** What to work on **
Find the line with "43.5h.1M192.4 52.2h.1M192.4 49.2v3M105.5" in the entries below, then reproduce it and every line after it down to and including the line with "47.2h2.9M190.9 48.4h2.9M192.4 49.2h.1M192.4", exactly.

[Extracted data entries]
--------------------
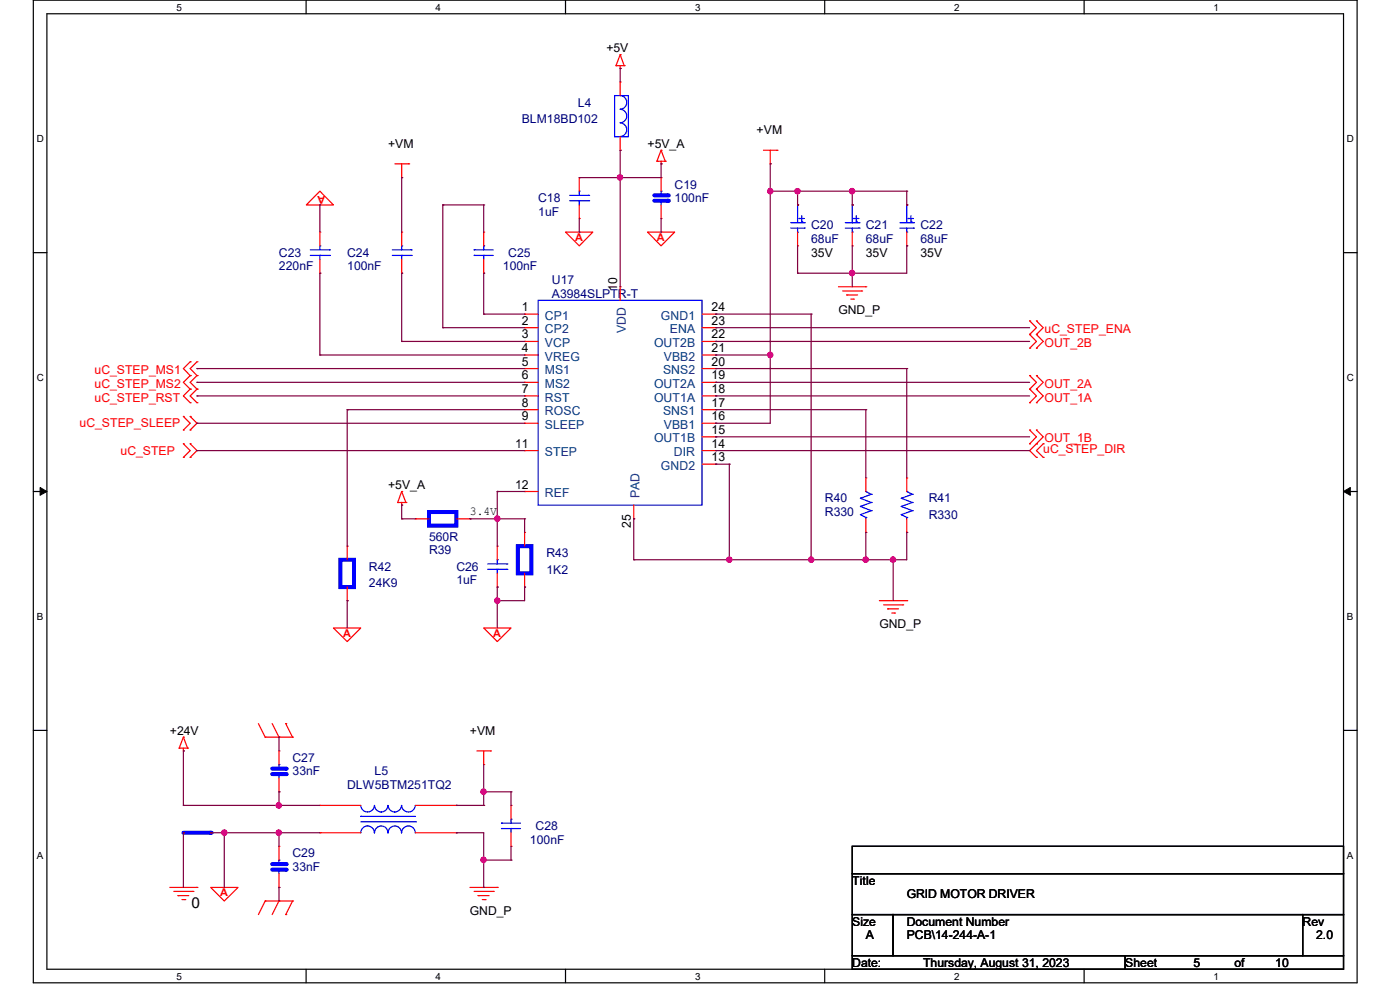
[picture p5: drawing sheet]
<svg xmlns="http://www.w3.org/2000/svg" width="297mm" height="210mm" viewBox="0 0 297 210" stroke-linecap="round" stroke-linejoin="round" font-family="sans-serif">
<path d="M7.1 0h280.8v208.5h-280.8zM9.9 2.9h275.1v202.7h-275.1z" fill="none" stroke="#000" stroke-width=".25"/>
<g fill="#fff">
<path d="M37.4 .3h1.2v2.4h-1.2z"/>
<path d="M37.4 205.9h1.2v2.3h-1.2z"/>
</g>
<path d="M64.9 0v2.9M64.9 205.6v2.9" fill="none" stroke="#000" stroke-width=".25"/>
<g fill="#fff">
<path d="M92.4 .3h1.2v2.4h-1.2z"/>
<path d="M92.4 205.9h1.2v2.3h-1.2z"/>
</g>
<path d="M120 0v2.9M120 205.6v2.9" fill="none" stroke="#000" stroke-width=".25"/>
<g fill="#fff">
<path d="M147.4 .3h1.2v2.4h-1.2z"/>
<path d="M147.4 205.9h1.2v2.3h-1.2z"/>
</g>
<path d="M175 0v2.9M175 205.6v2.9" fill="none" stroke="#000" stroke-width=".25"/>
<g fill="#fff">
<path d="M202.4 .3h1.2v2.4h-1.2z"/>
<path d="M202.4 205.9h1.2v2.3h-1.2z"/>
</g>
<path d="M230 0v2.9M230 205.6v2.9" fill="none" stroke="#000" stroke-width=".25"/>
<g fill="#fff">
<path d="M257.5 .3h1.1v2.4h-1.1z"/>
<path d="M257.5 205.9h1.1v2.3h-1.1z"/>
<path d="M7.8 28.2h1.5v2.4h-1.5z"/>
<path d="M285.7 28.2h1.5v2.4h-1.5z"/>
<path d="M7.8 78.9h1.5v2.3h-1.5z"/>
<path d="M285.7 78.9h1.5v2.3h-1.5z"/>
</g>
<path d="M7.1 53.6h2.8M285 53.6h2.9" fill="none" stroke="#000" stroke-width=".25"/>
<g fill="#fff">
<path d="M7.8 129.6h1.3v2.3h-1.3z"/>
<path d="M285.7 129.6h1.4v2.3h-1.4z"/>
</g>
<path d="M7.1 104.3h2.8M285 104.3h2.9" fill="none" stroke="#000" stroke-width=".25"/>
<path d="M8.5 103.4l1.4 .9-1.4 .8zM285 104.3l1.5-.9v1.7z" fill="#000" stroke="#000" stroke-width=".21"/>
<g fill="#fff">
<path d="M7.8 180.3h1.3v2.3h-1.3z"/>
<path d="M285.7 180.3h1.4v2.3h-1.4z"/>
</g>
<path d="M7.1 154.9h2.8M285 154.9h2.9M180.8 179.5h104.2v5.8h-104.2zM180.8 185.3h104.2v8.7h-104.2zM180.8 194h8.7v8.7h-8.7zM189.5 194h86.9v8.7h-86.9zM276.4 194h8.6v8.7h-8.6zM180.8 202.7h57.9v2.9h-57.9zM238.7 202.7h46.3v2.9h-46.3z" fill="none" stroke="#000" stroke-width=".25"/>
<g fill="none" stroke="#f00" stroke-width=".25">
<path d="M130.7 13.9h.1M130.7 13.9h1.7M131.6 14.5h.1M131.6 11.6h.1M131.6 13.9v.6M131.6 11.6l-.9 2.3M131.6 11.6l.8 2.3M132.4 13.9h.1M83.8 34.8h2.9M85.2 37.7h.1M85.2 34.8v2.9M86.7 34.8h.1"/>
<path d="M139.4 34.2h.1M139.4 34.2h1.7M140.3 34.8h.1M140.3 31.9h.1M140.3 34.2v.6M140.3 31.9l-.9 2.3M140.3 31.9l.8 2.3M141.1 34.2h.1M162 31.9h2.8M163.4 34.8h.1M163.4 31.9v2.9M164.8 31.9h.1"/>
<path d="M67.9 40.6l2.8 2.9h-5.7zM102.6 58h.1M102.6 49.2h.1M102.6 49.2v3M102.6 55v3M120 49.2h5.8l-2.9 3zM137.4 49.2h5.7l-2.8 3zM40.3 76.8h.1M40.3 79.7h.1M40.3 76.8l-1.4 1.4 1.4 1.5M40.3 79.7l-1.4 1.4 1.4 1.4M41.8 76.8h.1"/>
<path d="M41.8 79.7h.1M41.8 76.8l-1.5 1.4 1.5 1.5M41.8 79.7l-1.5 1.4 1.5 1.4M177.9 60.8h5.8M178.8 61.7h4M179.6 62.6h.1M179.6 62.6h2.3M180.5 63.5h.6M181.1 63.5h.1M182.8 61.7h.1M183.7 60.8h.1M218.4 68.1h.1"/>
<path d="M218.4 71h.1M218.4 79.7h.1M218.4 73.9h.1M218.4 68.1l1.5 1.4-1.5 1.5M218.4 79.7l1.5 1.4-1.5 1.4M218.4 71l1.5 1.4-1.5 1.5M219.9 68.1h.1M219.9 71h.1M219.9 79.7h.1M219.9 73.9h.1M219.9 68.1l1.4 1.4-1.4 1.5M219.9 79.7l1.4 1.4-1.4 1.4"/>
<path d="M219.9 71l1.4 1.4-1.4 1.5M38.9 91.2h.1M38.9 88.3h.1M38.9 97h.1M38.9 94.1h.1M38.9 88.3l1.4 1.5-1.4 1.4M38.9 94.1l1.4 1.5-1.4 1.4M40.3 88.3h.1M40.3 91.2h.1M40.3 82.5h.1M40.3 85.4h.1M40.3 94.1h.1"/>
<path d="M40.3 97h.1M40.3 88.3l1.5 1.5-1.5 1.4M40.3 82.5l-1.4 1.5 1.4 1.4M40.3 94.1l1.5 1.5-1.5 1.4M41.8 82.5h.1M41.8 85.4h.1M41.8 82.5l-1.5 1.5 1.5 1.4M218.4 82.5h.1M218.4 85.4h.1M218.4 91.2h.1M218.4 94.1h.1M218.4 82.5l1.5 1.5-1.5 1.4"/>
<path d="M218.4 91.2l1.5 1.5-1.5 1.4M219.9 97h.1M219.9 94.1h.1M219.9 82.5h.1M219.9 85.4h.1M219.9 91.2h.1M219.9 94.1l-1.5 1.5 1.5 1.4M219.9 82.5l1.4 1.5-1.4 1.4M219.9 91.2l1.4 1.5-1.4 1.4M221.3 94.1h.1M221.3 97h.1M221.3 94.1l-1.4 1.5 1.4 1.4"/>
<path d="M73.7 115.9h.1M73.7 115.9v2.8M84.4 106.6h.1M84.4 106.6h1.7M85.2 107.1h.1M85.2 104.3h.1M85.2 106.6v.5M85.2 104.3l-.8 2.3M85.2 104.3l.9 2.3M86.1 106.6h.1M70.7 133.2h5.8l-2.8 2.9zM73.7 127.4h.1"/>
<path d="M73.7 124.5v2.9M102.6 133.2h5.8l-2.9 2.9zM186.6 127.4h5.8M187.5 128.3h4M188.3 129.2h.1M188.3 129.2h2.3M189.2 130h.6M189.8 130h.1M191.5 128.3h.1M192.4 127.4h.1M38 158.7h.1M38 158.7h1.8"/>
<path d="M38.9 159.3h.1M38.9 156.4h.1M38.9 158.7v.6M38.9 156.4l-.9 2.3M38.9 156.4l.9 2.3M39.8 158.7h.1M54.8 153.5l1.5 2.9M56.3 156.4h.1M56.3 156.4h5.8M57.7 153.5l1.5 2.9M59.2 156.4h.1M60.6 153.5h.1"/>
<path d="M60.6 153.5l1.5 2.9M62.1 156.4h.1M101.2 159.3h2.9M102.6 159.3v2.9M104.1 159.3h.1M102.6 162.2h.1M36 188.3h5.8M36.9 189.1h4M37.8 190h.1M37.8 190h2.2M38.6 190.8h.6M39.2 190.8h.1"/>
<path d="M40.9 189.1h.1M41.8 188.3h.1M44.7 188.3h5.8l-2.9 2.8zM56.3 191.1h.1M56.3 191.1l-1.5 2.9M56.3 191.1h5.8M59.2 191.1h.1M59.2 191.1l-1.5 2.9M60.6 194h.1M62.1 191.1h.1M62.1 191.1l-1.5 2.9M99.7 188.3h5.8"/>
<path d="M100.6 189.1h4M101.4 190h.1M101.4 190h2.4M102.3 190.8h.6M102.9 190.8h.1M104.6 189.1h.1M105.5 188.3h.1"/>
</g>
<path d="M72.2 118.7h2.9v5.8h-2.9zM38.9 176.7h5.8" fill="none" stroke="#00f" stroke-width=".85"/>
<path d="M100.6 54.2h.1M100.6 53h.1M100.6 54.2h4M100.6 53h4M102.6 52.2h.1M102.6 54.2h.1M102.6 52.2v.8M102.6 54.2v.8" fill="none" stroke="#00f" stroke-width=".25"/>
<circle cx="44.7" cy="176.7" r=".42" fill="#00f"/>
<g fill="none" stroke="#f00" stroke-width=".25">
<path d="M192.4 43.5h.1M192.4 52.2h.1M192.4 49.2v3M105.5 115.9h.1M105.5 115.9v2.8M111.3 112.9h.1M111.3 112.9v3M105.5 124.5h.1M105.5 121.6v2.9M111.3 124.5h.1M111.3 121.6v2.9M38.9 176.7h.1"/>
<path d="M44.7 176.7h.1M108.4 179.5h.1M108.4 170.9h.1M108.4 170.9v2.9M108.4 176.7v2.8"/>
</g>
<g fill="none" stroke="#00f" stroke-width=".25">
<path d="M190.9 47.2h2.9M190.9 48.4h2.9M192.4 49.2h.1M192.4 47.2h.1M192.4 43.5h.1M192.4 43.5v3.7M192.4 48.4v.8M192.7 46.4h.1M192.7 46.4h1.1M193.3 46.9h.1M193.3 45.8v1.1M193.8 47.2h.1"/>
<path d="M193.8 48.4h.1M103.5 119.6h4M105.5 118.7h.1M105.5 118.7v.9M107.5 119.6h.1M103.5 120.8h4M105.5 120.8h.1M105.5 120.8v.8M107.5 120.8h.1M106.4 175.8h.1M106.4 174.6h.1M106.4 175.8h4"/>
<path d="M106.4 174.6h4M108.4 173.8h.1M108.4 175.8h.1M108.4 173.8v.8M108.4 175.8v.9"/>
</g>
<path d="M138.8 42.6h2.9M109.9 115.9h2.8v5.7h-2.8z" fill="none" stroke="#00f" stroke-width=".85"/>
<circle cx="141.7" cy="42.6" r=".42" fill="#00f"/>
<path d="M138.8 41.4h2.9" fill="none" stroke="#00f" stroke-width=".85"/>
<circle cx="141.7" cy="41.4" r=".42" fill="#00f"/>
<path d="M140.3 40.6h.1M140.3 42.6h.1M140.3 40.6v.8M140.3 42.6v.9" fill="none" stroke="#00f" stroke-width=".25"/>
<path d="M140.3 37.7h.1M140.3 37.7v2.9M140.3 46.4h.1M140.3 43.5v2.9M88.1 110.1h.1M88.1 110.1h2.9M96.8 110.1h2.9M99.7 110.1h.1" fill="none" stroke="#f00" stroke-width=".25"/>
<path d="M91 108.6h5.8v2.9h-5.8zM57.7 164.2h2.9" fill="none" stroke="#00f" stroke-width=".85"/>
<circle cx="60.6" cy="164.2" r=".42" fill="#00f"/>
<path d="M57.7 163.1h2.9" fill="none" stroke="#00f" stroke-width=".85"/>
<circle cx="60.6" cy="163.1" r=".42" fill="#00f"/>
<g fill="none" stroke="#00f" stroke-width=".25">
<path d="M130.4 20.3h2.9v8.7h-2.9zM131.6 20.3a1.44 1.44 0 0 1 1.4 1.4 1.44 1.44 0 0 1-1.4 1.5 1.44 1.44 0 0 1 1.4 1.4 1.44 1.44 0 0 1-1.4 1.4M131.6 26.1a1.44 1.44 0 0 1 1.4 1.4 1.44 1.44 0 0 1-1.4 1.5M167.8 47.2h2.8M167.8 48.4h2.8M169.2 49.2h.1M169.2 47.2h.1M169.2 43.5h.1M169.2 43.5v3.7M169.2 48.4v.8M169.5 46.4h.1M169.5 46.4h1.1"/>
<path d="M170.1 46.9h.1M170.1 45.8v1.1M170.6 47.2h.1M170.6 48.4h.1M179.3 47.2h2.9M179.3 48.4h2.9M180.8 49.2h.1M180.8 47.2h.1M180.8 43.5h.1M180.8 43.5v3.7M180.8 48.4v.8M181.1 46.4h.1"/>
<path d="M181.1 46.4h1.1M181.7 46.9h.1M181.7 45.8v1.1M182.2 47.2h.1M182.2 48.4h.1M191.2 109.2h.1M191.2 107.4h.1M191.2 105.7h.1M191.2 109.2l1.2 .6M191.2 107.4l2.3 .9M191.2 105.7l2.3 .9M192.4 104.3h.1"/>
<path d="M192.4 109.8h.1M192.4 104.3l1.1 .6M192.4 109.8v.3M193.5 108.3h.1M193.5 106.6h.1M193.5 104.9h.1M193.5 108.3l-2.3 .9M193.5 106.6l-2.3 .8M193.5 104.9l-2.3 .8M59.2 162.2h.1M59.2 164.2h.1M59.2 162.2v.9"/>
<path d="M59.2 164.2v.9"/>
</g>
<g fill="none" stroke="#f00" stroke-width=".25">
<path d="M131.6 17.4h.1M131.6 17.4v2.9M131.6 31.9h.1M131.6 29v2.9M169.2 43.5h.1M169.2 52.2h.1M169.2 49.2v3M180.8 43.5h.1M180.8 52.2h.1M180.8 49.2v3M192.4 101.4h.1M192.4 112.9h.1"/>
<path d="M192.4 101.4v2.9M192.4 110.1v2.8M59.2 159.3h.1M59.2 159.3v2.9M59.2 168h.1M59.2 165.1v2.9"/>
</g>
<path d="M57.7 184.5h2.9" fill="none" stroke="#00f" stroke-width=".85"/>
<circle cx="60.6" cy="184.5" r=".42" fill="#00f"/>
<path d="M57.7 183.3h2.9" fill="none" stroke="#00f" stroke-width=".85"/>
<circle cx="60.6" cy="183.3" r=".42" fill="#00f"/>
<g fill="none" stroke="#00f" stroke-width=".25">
--------------------
** Output of the task **
<path d="M192.4 43.5h.1M192.4 52.2h.1M192.4 49.2v3M105.5 115.9h.1M105.5 115.9v2.8M111.3 112.9h.1M111.3 112.9v3M105.5 124.5h.1M105.5 121.6v2.9M111.3 124.5h.1M111.3 121.6v2.9M38.9 176.7h.1"/>
<path d="M44.7 176.7h.1M108.4 179.5h.1M108.4 170.9h.1M108.4 170.9v2.9M108.4 176.7v2.8"/>
</g>
<g fill="none" stroke="#00f" stroke-width=".25">
<path d="M190.9 47.2h2.9M190.9 48.4h2.9M192.4 49.2h.1M192.4 47.2h.1M192.4 43.5h.1M192.4 43.5v3.7M192.4 48.4v.8M192.7 46.4h.1M192.7 46.4h1.1M193.3 46.9h.1M193.3 45.8v1.1M193.8 47.2h.1"/>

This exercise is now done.